#### [What is required]
Return only the lines from the one containing "SR_BR_OSCO: C5.2 R175.1" to the end of the entries below, exactly as written, both ends included.

_____

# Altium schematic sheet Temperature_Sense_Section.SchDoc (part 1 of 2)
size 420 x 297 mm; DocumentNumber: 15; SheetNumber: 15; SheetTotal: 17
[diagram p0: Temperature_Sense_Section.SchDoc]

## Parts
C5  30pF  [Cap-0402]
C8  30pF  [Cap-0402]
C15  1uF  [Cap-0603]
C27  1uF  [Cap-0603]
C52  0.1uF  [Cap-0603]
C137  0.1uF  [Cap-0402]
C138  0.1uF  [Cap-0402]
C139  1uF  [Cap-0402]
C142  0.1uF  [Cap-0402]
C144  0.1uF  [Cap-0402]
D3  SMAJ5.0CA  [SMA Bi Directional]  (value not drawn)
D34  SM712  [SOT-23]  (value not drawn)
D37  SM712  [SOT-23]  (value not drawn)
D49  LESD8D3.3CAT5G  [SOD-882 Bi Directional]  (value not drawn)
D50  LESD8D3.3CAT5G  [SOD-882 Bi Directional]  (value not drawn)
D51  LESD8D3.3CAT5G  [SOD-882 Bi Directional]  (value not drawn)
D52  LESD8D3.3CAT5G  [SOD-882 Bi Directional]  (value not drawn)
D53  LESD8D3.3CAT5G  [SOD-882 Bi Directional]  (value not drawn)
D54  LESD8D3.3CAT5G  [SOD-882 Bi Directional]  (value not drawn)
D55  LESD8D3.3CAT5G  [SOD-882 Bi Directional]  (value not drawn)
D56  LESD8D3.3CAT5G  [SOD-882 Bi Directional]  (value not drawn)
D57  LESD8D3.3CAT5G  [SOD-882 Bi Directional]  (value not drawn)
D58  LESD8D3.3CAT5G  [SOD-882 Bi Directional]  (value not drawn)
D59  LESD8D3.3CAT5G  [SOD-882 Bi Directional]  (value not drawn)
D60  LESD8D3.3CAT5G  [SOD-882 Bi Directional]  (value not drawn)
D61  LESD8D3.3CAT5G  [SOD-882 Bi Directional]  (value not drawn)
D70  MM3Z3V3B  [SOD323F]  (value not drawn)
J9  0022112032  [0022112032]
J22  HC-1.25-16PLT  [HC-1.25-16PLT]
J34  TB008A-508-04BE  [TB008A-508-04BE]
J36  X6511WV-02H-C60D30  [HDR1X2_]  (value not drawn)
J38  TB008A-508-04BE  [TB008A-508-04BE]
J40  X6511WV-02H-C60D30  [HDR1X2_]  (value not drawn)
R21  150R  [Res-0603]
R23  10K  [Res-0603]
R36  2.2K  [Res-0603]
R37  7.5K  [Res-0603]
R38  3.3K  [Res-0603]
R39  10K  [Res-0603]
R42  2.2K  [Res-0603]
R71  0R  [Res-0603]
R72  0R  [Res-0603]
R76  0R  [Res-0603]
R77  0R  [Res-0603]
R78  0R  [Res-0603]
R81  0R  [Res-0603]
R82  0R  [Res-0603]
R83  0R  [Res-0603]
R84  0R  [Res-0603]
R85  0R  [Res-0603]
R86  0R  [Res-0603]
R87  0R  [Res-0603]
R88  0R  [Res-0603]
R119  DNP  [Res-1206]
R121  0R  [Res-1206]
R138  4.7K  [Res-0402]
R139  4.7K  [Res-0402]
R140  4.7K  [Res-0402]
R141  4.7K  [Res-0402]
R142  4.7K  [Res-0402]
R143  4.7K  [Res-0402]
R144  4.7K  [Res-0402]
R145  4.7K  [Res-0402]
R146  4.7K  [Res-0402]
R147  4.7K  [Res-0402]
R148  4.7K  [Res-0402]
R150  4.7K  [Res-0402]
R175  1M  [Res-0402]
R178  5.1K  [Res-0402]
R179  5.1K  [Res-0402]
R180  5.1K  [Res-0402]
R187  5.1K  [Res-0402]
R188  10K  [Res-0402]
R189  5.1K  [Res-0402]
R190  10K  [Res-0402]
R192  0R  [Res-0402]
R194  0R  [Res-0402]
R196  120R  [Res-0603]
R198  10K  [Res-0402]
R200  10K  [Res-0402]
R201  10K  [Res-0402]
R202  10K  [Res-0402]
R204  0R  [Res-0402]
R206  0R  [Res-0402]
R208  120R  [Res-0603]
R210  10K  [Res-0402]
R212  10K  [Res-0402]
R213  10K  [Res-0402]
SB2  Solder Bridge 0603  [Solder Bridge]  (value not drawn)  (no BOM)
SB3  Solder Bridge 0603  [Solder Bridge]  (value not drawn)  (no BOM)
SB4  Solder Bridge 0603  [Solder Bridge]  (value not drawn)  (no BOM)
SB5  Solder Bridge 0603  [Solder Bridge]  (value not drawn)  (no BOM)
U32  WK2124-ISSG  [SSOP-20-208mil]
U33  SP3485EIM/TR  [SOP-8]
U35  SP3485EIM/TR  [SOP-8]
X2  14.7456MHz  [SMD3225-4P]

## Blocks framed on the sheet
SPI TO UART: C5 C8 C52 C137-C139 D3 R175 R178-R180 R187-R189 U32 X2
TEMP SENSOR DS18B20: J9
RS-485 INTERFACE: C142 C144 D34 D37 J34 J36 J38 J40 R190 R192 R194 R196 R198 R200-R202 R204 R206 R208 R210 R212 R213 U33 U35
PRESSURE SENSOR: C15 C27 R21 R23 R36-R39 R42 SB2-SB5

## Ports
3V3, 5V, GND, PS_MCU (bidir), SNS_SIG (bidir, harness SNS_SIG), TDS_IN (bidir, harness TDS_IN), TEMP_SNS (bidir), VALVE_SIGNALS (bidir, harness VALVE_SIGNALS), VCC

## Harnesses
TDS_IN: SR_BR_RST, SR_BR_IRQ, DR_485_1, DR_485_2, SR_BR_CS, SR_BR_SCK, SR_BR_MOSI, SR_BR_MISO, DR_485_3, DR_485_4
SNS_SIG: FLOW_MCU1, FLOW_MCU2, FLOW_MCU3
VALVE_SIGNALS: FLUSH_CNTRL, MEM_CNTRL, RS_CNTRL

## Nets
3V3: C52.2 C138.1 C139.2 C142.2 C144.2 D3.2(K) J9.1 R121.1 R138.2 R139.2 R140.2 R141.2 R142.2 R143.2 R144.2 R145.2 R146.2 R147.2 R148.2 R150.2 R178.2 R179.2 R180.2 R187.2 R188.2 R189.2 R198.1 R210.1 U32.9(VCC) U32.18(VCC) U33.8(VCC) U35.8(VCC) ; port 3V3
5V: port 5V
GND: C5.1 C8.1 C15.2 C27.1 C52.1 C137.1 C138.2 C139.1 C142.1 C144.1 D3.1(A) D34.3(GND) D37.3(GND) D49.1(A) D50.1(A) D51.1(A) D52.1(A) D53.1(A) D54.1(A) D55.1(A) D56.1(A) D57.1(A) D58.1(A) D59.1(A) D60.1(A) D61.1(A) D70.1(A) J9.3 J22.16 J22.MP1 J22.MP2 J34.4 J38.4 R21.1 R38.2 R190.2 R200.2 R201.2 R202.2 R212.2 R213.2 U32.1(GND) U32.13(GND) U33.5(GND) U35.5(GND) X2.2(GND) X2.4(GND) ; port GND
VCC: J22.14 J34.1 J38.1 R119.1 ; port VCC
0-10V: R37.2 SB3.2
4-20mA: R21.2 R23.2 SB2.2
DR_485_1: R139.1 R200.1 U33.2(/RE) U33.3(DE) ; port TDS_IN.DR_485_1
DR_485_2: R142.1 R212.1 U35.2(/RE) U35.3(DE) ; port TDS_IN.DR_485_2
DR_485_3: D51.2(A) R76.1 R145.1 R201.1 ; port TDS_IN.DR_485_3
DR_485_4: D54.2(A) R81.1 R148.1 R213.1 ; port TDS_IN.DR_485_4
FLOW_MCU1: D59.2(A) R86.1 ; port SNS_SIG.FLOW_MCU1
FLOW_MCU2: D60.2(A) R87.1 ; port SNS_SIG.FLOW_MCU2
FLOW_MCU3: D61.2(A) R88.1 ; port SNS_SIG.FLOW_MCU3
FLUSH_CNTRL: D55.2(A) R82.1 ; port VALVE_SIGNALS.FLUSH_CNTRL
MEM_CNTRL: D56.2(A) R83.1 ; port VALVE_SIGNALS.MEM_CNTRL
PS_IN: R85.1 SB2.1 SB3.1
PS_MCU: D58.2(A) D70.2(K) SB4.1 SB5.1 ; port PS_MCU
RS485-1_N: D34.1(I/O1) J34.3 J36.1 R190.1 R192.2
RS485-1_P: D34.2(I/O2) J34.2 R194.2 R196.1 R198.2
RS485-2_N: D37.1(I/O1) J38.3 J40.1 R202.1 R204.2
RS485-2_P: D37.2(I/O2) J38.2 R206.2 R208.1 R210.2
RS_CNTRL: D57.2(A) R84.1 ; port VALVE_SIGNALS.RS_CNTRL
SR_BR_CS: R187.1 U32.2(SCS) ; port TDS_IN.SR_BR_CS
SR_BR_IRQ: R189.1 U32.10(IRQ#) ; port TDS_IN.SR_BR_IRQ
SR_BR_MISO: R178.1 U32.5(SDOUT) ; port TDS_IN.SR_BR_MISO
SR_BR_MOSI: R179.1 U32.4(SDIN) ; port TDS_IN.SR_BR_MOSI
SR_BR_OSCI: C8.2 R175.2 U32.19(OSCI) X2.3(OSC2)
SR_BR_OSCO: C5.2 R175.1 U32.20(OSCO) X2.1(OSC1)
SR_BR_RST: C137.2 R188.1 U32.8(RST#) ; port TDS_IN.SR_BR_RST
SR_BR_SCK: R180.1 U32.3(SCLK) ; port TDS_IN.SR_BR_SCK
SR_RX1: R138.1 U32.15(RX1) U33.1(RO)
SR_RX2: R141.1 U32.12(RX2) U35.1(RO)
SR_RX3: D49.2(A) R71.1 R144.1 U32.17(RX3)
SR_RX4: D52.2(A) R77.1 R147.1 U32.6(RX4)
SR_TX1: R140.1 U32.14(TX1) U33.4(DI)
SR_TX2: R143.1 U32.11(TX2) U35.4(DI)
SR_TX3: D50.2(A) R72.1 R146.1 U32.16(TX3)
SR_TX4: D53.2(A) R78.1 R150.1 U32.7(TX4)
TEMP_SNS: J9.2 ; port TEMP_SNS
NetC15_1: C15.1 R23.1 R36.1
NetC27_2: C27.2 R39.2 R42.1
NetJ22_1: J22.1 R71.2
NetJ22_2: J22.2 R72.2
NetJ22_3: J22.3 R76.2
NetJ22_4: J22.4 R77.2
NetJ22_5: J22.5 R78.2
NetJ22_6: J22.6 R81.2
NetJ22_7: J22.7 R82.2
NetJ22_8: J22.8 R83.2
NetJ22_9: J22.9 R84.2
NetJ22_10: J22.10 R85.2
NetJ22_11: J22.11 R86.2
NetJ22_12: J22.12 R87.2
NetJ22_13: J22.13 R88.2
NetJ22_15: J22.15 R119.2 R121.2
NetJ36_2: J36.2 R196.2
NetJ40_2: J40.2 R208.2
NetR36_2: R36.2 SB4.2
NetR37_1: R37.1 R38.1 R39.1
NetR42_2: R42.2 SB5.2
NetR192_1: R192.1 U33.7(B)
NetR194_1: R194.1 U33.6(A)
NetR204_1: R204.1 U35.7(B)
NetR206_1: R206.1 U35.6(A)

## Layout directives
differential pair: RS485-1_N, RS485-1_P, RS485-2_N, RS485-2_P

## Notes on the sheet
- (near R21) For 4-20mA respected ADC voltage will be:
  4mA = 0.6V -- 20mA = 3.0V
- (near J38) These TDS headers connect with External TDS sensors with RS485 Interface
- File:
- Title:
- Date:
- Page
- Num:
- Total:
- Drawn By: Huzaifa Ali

_____

#### [Your response]
SR_BR_OSCO: C5.2 R175.1 U32.20(OSCO) X2.1(OSC1)
SR_BR_RST: C137.2 R188.1 U32.8(RST#) ; port TDS_IN.SR_BR_RST
SR_BR_SCK: R180.1 U32.3(SCLK) ; port TDS_IN.SR_BR_SCK
SR_RX1: R138.1 U32.15(RX1) U33.1(RO)
SR_RX2: R141.1 U32.12(RX2) U35.1(RO)
SR_RX3: D49.2(A) R71.1 R144.1 U32.17(RX3)
SR_RX4: D52.2(A) R77.1 R147.1 U32.6(RX4)
SR_TX1: R140.1 U32.14(TX1) U33.4(DI)
SR_TX2: R143.1 U32.11(TX2) U35.4(DI)
SR_TX3: D50.2(A) R72.1 R146.1 U32.16(TX3)
SR_TX4: D53.2(A) R78.1 R150.1 U32.7(TX4)
TEMP_SNS: J9.2 ; port TEMP_SNS
NetC15_1: C15.1 R23.1 R36.1
NetC27_2: C27.2 R39.2 R42.1
NetJ22_1: J22.1 R71.2
NetJ22_2: J22.2 R72.2
NetJ22_3: J22.3 R76.2
NetJ22_4: J22.4 R77.2
NetJ22_5: J22.5 R78.2
NetJ22_6: J22.6 R81.2
NetJ22_7: J22.7 R82.2
NetJ22_8: J22.8 R83.2
NetJ22_9: J22.9 R84.2
NetJ22_10: J22.10 R85.2
NetJ22_11: J22.11 R86.2
NetJ22_12: J22.12 R87.2
NetJ22_13: J22.13 R88.2
NetJ22_15: J22.15 R119.2 R121.2
NetJ36_2: J36.2 R196.2
NetJ40_2: J40.2 R208.2
NetR36_2: R36.2 SB4.2
NetR37_1: R37.1 R38.1 R39.1
NetR42_2: R42.2 SB5.2
NetR192_1: R192.1 U33.7(B)
NetR194_1: R194.1 U33.6(A)
NetR204_1: R204.1 U35.7(B)
NetR206_1: R206.1 U35.6(A)

## Layout directives
differential pair: RS485-1_N, RS485-1_P, RS485-2_N, RS485-2_P

## Notes on the sheet
- (near R21) For 4-20mA respected ADC voltage will be:
  4mA = 0.6V -- 20mA = 3.0V
- (near J38) These TDS headers connect with External TDS sensors with RS485 Interface
- File:
- Title:
- Date:
- Page
- Num:
- Total:
- Drawn By: Huzaifa Ali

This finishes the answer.